October 24, 2019

Mars Colony Design Update

While it was an honor to get to the top ten finalists out of one hundred entries, I did not get into the top five winners.    I don't think this is the time or place to get into why the judging took place the way it did, simply because I wasn't there for it.  What I will do is defend my thesis and purpose in the decisions I made with the Eureka design, and elaborate on the answers I gave the judges at the time.   As far as making up your own mind, the top 25 semifinalists will be published in a book next month.  So future mars colonists will be able to review our work. 

Pu​rpose

There were a number of hard questions meant to give a more complete picture of the settlement in the contest criteria.  You had to come up with the structure, then an economic model, then a political model, aesthetics, and culture.   I went well beyond this into the very toughest challenges to space settlement where Mars is concerned and took them all head on.  Everyone else was running a marathon, but I was running an obstacle course for the duration of the marathon.  

Here's the thing.  I've been working on parts of the problem for over a decade.  I had focused on the worst issues I could find, because I know that there are not good answers in a lot of those spaces.  No one had a complete solution that was designed to be complete and unassailable to the critics and possible risks of a settlement on Mars.  I decided to try for that.  Even if it fell short, it would show what the hardest issues were left to solve so that I could focus on those.  But as it turned out, I answered all my challenges and offered root cause analysis back to the origins of civilization as to why those solutions were chosen. 

The Greenhouses

Robert Zubrin asked about the power requirements for the greenhouses, and has stated in the past that he felt greenhouses on mars should be naturally lit.  I did not have an answer for him off the bat because I had realized that power was not a forcing function last winter with my design.  The forcing function was surface area per person for food growth.  The best shape for a pressure vessel is a sphere.  A flat greenhouse, even under partial pressure, is a nightmare in terms of structural needs, materials needed for transport to Mars, and so on.  It is wide open to meteor strikes or possible attacks by rival powers.  There is the possibility that a key crop is too sensitive to radiation to be reliably used as food after being grown with such exposure.  I chose a heavily shielded stacked LED lit greenhouse because this gave easy temperature control, 24 hour daylight where appropriate, radiation protection to the harvesters, meteorite protection, and restricted exposure to epigenetic crop stress.  In the rotating ring, I also had 1G gardens where that was potentially appropriate.  We cannot just assume that all plants we want or need will grow in a Mars greenhouse, or that building them would be a good idea.  As for the power question, when the population hits 1200 people, the power demand is 275 megawatts.  At 40 MT per 2 megawatt reactor, this calls for larger reactors for better economies of scale.
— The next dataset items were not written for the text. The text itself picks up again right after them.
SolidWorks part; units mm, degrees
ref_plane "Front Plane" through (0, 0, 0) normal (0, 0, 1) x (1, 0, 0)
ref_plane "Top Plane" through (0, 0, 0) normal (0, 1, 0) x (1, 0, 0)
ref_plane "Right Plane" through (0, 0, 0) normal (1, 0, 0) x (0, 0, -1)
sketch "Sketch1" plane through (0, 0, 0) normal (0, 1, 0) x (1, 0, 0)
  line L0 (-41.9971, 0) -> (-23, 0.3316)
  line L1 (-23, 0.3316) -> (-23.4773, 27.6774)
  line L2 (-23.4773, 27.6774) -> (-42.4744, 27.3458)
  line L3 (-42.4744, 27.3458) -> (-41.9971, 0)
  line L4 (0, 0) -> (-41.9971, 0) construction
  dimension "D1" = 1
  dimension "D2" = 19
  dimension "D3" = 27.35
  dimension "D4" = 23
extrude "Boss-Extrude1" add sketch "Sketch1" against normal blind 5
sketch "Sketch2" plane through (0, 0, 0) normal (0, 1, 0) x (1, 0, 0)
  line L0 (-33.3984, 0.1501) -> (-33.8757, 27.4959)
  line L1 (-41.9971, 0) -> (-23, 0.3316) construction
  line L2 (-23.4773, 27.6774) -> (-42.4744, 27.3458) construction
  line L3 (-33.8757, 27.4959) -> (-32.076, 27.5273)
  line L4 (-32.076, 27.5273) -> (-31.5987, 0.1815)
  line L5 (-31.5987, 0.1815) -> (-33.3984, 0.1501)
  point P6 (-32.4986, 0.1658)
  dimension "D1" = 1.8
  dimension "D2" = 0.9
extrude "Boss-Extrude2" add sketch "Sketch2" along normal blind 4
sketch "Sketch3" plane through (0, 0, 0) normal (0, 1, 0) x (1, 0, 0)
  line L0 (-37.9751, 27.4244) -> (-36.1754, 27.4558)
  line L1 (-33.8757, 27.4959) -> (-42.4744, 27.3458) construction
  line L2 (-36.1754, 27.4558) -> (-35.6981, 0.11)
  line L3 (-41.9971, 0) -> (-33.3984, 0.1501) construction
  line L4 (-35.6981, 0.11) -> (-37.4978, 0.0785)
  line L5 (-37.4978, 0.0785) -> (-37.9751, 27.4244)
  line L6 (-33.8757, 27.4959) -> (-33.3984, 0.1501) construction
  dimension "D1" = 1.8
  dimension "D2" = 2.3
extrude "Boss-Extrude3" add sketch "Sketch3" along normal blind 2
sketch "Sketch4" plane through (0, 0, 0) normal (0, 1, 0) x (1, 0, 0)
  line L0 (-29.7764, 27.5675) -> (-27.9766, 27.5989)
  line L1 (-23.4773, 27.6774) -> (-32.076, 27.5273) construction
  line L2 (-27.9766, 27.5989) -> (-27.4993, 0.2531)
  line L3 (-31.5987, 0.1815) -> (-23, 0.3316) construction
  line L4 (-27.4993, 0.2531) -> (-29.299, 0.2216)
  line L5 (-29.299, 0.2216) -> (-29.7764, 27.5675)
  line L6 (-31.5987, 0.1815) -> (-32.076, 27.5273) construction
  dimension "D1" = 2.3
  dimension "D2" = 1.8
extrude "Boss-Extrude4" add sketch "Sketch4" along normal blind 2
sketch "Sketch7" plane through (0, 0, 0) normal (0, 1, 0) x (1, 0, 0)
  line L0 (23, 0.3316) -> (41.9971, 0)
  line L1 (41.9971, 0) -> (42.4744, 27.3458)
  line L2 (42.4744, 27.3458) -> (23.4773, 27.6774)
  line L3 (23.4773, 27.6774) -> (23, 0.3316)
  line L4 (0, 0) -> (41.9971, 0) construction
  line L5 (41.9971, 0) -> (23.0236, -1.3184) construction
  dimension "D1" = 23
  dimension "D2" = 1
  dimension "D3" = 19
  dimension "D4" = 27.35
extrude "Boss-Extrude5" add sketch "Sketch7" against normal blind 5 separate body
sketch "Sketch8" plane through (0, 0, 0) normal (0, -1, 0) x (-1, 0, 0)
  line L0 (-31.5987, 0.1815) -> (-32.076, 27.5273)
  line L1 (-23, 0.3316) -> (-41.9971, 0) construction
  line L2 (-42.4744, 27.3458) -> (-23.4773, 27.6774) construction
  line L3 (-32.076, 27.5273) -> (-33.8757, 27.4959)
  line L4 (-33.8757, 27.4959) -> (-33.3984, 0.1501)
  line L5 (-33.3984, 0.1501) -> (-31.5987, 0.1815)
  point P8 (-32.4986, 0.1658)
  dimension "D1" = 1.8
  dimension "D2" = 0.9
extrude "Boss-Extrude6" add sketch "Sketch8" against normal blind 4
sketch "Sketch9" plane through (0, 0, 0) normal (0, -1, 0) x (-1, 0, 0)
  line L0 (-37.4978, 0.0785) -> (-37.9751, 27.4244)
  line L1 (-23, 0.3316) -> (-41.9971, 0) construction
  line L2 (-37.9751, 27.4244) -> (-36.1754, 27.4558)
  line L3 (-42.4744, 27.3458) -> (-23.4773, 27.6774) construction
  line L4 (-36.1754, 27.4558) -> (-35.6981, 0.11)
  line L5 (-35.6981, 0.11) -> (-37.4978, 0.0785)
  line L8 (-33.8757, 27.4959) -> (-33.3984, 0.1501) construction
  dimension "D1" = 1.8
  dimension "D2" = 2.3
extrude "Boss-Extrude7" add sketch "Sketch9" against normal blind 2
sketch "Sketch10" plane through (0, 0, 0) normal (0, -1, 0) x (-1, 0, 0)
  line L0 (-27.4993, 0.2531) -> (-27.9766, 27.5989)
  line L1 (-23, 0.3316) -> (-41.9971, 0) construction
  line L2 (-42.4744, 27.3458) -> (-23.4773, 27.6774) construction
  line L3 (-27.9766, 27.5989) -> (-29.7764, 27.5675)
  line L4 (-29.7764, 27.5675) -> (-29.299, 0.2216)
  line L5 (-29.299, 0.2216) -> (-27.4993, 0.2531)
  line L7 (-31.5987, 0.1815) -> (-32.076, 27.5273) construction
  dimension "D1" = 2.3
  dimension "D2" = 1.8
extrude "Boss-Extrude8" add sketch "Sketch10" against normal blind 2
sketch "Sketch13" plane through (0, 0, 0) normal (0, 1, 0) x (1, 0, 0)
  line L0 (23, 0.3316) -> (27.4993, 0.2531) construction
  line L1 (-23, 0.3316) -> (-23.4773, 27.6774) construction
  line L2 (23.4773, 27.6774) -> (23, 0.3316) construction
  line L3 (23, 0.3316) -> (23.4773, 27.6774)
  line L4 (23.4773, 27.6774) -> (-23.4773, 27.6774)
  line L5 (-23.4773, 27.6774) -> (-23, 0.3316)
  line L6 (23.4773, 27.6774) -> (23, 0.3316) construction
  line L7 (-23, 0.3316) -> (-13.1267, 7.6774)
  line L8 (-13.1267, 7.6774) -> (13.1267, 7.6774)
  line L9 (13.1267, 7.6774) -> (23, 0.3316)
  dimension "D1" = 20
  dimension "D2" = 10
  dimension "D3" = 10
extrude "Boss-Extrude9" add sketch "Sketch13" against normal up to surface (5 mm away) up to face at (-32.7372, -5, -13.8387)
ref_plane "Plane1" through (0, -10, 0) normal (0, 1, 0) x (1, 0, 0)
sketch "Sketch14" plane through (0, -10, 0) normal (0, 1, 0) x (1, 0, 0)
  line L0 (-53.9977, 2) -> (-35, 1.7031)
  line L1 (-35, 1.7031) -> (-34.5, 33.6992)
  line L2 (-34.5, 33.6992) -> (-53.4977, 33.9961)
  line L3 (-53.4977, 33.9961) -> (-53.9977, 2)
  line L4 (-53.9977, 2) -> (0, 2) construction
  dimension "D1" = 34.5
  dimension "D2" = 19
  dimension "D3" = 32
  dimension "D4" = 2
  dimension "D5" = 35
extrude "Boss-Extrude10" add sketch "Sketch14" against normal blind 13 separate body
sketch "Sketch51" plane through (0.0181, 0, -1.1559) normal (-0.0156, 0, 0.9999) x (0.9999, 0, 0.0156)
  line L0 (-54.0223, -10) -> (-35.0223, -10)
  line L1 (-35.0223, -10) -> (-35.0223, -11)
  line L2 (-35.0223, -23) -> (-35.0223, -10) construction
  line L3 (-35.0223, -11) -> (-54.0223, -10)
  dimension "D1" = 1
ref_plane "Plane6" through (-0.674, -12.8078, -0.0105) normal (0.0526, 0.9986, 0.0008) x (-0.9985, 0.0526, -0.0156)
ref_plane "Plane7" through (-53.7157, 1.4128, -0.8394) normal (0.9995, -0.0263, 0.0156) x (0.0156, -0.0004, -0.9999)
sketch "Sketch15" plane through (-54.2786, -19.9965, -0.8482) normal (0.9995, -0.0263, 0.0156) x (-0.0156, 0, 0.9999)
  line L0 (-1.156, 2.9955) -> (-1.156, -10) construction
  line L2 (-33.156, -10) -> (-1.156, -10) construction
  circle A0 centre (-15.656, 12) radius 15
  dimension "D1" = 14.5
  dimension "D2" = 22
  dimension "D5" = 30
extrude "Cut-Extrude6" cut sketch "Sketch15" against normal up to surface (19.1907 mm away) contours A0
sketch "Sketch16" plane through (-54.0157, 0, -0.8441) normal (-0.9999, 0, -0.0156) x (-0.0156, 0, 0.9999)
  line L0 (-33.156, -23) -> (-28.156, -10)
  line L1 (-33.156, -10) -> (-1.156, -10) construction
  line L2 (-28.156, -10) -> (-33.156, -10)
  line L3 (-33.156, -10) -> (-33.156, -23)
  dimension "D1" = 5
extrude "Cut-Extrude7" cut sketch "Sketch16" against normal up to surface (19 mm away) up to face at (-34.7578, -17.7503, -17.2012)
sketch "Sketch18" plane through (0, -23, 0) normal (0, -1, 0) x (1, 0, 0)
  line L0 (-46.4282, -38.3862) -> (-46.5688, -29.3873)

The concept called for every sixth starship to be carrying a nuclear power plant with a six megawatt output.  My forcing function was volume, followed by reactor transportation, followed by reactor cost.   Natural light would not reach the inside of a stacked plant bed like that used in an LED greenhouse.  With Mars frequent dust storms, you would need a reactor-fed LED light system anyway in addition to all your glass.  So why bother making more failure points?
Anyway, I had to get that off my chest. 

Conclusion

 The Mars Society is now saying they want to sponsor a million person Mars city proposal.  At the moment, I'm not considering making an entry.  I put off a number of projects to do the work I did on the Mars Settlement design.  I'm unwilling to keep putting off life goals for things like this after having sunk a very critical, pivotal year into this one.   The lasting good effects of having a bulletproof (literally) Mars settlement design are just beginning.  Eureka may be the winner in the long run after all.